== EXERCISE GOAL ==
Which of the lines below include the word "across"? Pull each one out.

== SUPPLIED RECORDS ==
========

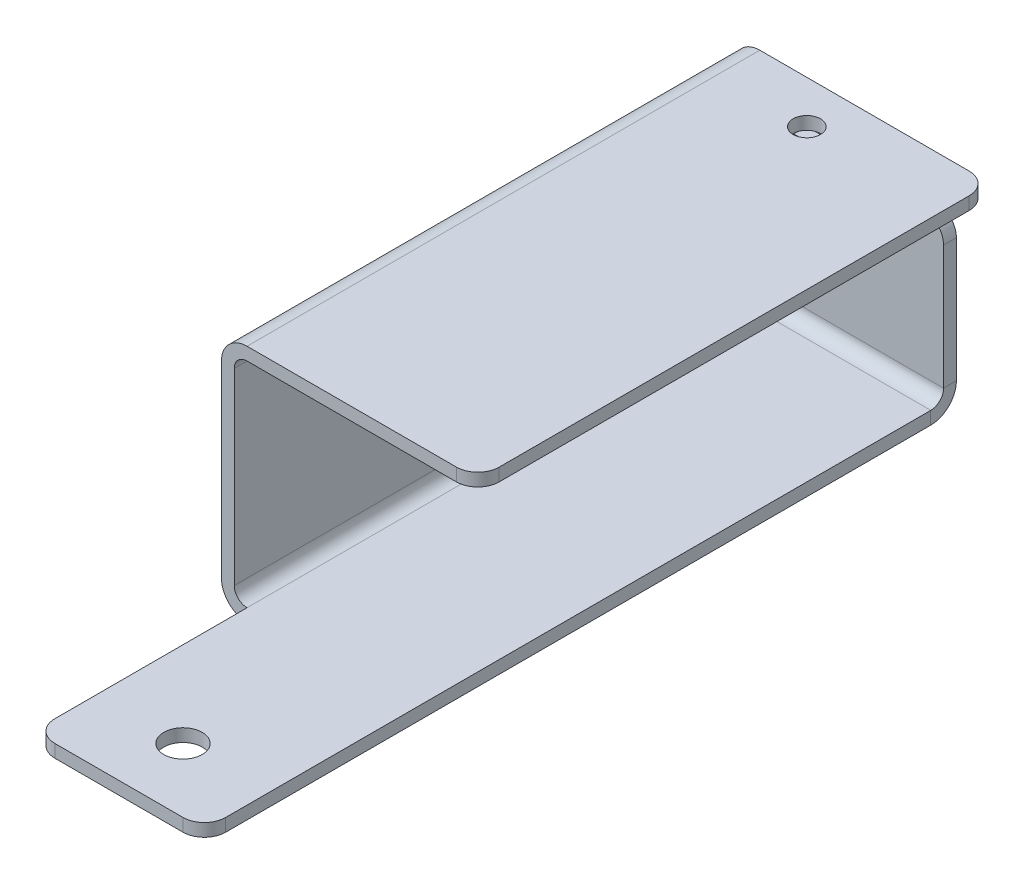
from build123d import *

# Parameters (mm, degrees)
SKETCH1_W                    = 20
SKETCH1_H                    = 85
BASE_FLANGE1_DEPTH           = 1.5
EDGE_FLANGE1_DEPTH           = 85
EDGE_FLANGE2_STRIP_W         = 9
EDGE_FLANGE2_STRIP_H         = 1.5
EDGE_FLANGE2_STRIP_CUT_DEPTH = 85
EDGE_FLANGE2_DEPTH           = 85
CUT_EXTRUDE1_DEPTH           = 53.891398166
CUT_EXTRUDE1_DEPTH_BACK      = 53.891398166
SKETCH13_W                   = 25
SKETCH13_H                   = 26.5
CUT_EXTRUDE2_DEPTH           = 53.891398166
CUT_EXTRUDE2_DEPTH_BACK      = 53.891398166
SKETCH14_W                   = 2.598076211
SKETCH14_H                   = 25
SKETCH15_R                   = 2.25
CAGE_MOUNTING_HOLE_DEPTH     = 53.891398166
EDGE_FLANGE3_DEPTH           = 20
ARDUINO_MOUNTING_HOLE_REACH  = 58.065
SKETCH19_R                   = 1.6
FILLET1_R                    = 2.5


# Sheet-metal steps are written as plain solids
with BuildPart() as part:
    # Sketch1 → Base-Flange1 (new body)
    with BuildSketch(Plane(origin=(0, 0, 0), x_dir=(1, 0, 0), z_dir=(0, 1, 0))):
        Rectangle(SKETCH1_W, SKETCH1_H)
    extrude(amount=-BASE_FLANGE1_DEPTH)

    # Edge-Flange1 section (across the edge) → Edge-Flange1 (add)
    with BuildSketch(Plane(origin=(-11.5, 0, -42.5), x_dir=(1, 0, 0), z_dir=(0, 0, 1))):
        with BuildLine():
            Line((-1.5, 1.5), (-1.5, 25))
            Line((-1.5, 25), (0, 25))
            Line((0, 25), (0, 1.5))
            ThreePointArc((0, 1.5), (0.439339828, 0.439339828), (1.5, 0))
            Line((1.5, 0), (1.5, -1.5))
            ThreePointArc((1.5, -1.5), (-0.621320344, -0.621320344), (-1.5, 1.5))
        make_face()
    extrude(amount=EDGE_FLANGE1_DEPTH)

    # Edge-Flange2 strip (across the edge) → Edge-Flange2 strip cut (cut)
    with BuildSketch(Plane(origin=(-11.5, 25, -42.5), x_dir=(0, -1, 0), z_dir=(0, 0, 1))):
        with Locations((-3, -0.75)):
            Rectangle(EDGE_FLANGE2_STRIP_W, EDGE_FLANGE2_STRIP_H)
    extrude(amount=EDGE_FLANGE2_STRIP_CUT_DEPTH, mode=Mode.SUBTRACT)

    # Edge-Flange2 section (across the edge) → Edge-Flange2 (add)
    with BuildSketch(Plane(origin=(-11.5, 25, -42.5), x_dir=(0, -1, 0), z_dir=(0, 0, 1))):
        with BuildLine():
            Line((-1.5, 1.5), (-1.5, 28.5))
            Line((-1.5, 28.5), (0, 28.5))
            Line((0, 28.5), (0, 1.5))
            ThreePointArc((0, 1.5), (0.439339828, 0.439339828), (1.5, 0))
            Line((1.5, 0), (1.5, -1.5))
            ThreePointArc((1.5, -1.5), (-0.621320344, -0.621320344), (-1.5, 1.5))
        make_face()
    extrude(amount=EDGE_FLANGE2_DEPTH)

    # Sketch13 → Cut-Extrude1 (cut, two sides: drawn at the far end of the back side and taken through both)
    with BuildSketch(Plane(origin=(0, 0, 0), x_dir=(0, 0, -1), z_dir=(1, 0, 0)).offset(-CUT_EXTRUDE1_DEPTH_BACK)):
        with Locations((-30, 13.25)):
            Rectangle(SKETCH13_W, SKETCH13_H)
    extrude(amount=CUT_EXTRUDE1_DEPTH + CUT_EXTRUDE1_DEPTH_BACK, mode=Mode.SUBTRACT)

    # Sketch14 → Cut-Extrude2 (cut, two sides: drawn at the far end of the back side and taken through both)
    with BuildSketch(Plane(origin=(0, 0, 0), x_dir=(1, 0, 0), z_dir=(0, 1, 0)).offset(-CUT_EXTRUDE2_DEPTH_BACK)):
        with Locations((-11.299038105, -30)):
            Rectangle(SKETCH14_W, SKETCH14_H)
    extrude(amount=CUT_EXTRUDE2_DEPTH + CUT_EXTRUDE2_DEPTH_BACK, mode=Mode.SUBTRACT)

    # Sketch15 → cage mounting hole (cut, through all)
    with BuildSketch(Plane(origin=(0, 0, 0), x_dir=(1, 0, 0), z_dir=(0, 1, 0))):
        with Locations(Location((0, -35, 0), (0, 0, 270))):
            Circle(SKETCH15_R)
    extrude(amount=-CAGE_MOUNTING_HOLE_DEPTH, mode=Mode.SUBTRACT)

    # Edge-Flange3 section (across the edge) → Edge-Flange3 (add)
    with BuildSketch(Plane(origin=(10, 0, -44), x_dir=(0, 0, 1), z_dir=(-1, 0, 0))):
        with BuildLine():
            Line((-1.5, 1.5), (-1.5, 18.5))
            Line((-1.5, 18.5), (0, 18.5))
            Line((0, 18.5), (0, 1.5))
            ThreePointArc((0, 1.5), (0.439339828, 0.439339828), (1.5, 0))
            Line((1.5, 0), (1.5, -1.5))
            ThreePointArc((1.5, -1.5), (-0.621320344, -0.621320344), (-1.5, 1.5))
        make_face()
    extrude(amount=EDGE_FLANGE3_DEPTH)

    # Sketch19 → arduino mounting hole (cut, up to next)
    with BuildSketch(Plane(origin=(0, 26.5, 0), x_dir=(1, 0, 0), z_dir=(0, 1, 0)), mode=Mode.PRIVATE) as arduino_mounting_hole_sk1:
        with Locations(Location((0.5, 37.5, 0), (0, 0, 180))):
            Circle(SKETCH19_R)
    arduino_mounting_hole_tool1 = extrude(arduino_mounting_hole_sk1.sketch, amount=-ARDUINO_MOUNTING_HOLE_REACH, mode=Mode.PRIVATE) & part.part
    add(arduino_mounting_hole_tool1.solids().sort_by_distance((0.5, 26.5, -37.5))[0], mode=Mode.SUBTRACT)

    # Fillet1
    fillet1_edges = [part.edges().sort_by_distance(p)[0] for p in [
        (10, 18.5, -44.75),
        (-10, 18.5, -44.75),
        (17, 25.75, -42.5),
        (17, 25.75, 17.5),
        (10, -0.75, 42.5),
        (-10, -0.75, 42.5),
    ]]
    fillet(fillet1_edges, radius=FILLET1_R)


solid = part.part

========

== SOLUTION FOR THIS EXERCISE ==
    # Edge-Flange1 section (across the edge) → Edge-Flange1 (add)
    # Edge-Flange2 strip (across the edge) → Edge-Flange2 strip cut (cut)
    # Edge-Flange2 section (across the edge) → Edge-Flange2 (add)
    # Edge-Flange3 section (across the edge) → Edge-Flange3 (add)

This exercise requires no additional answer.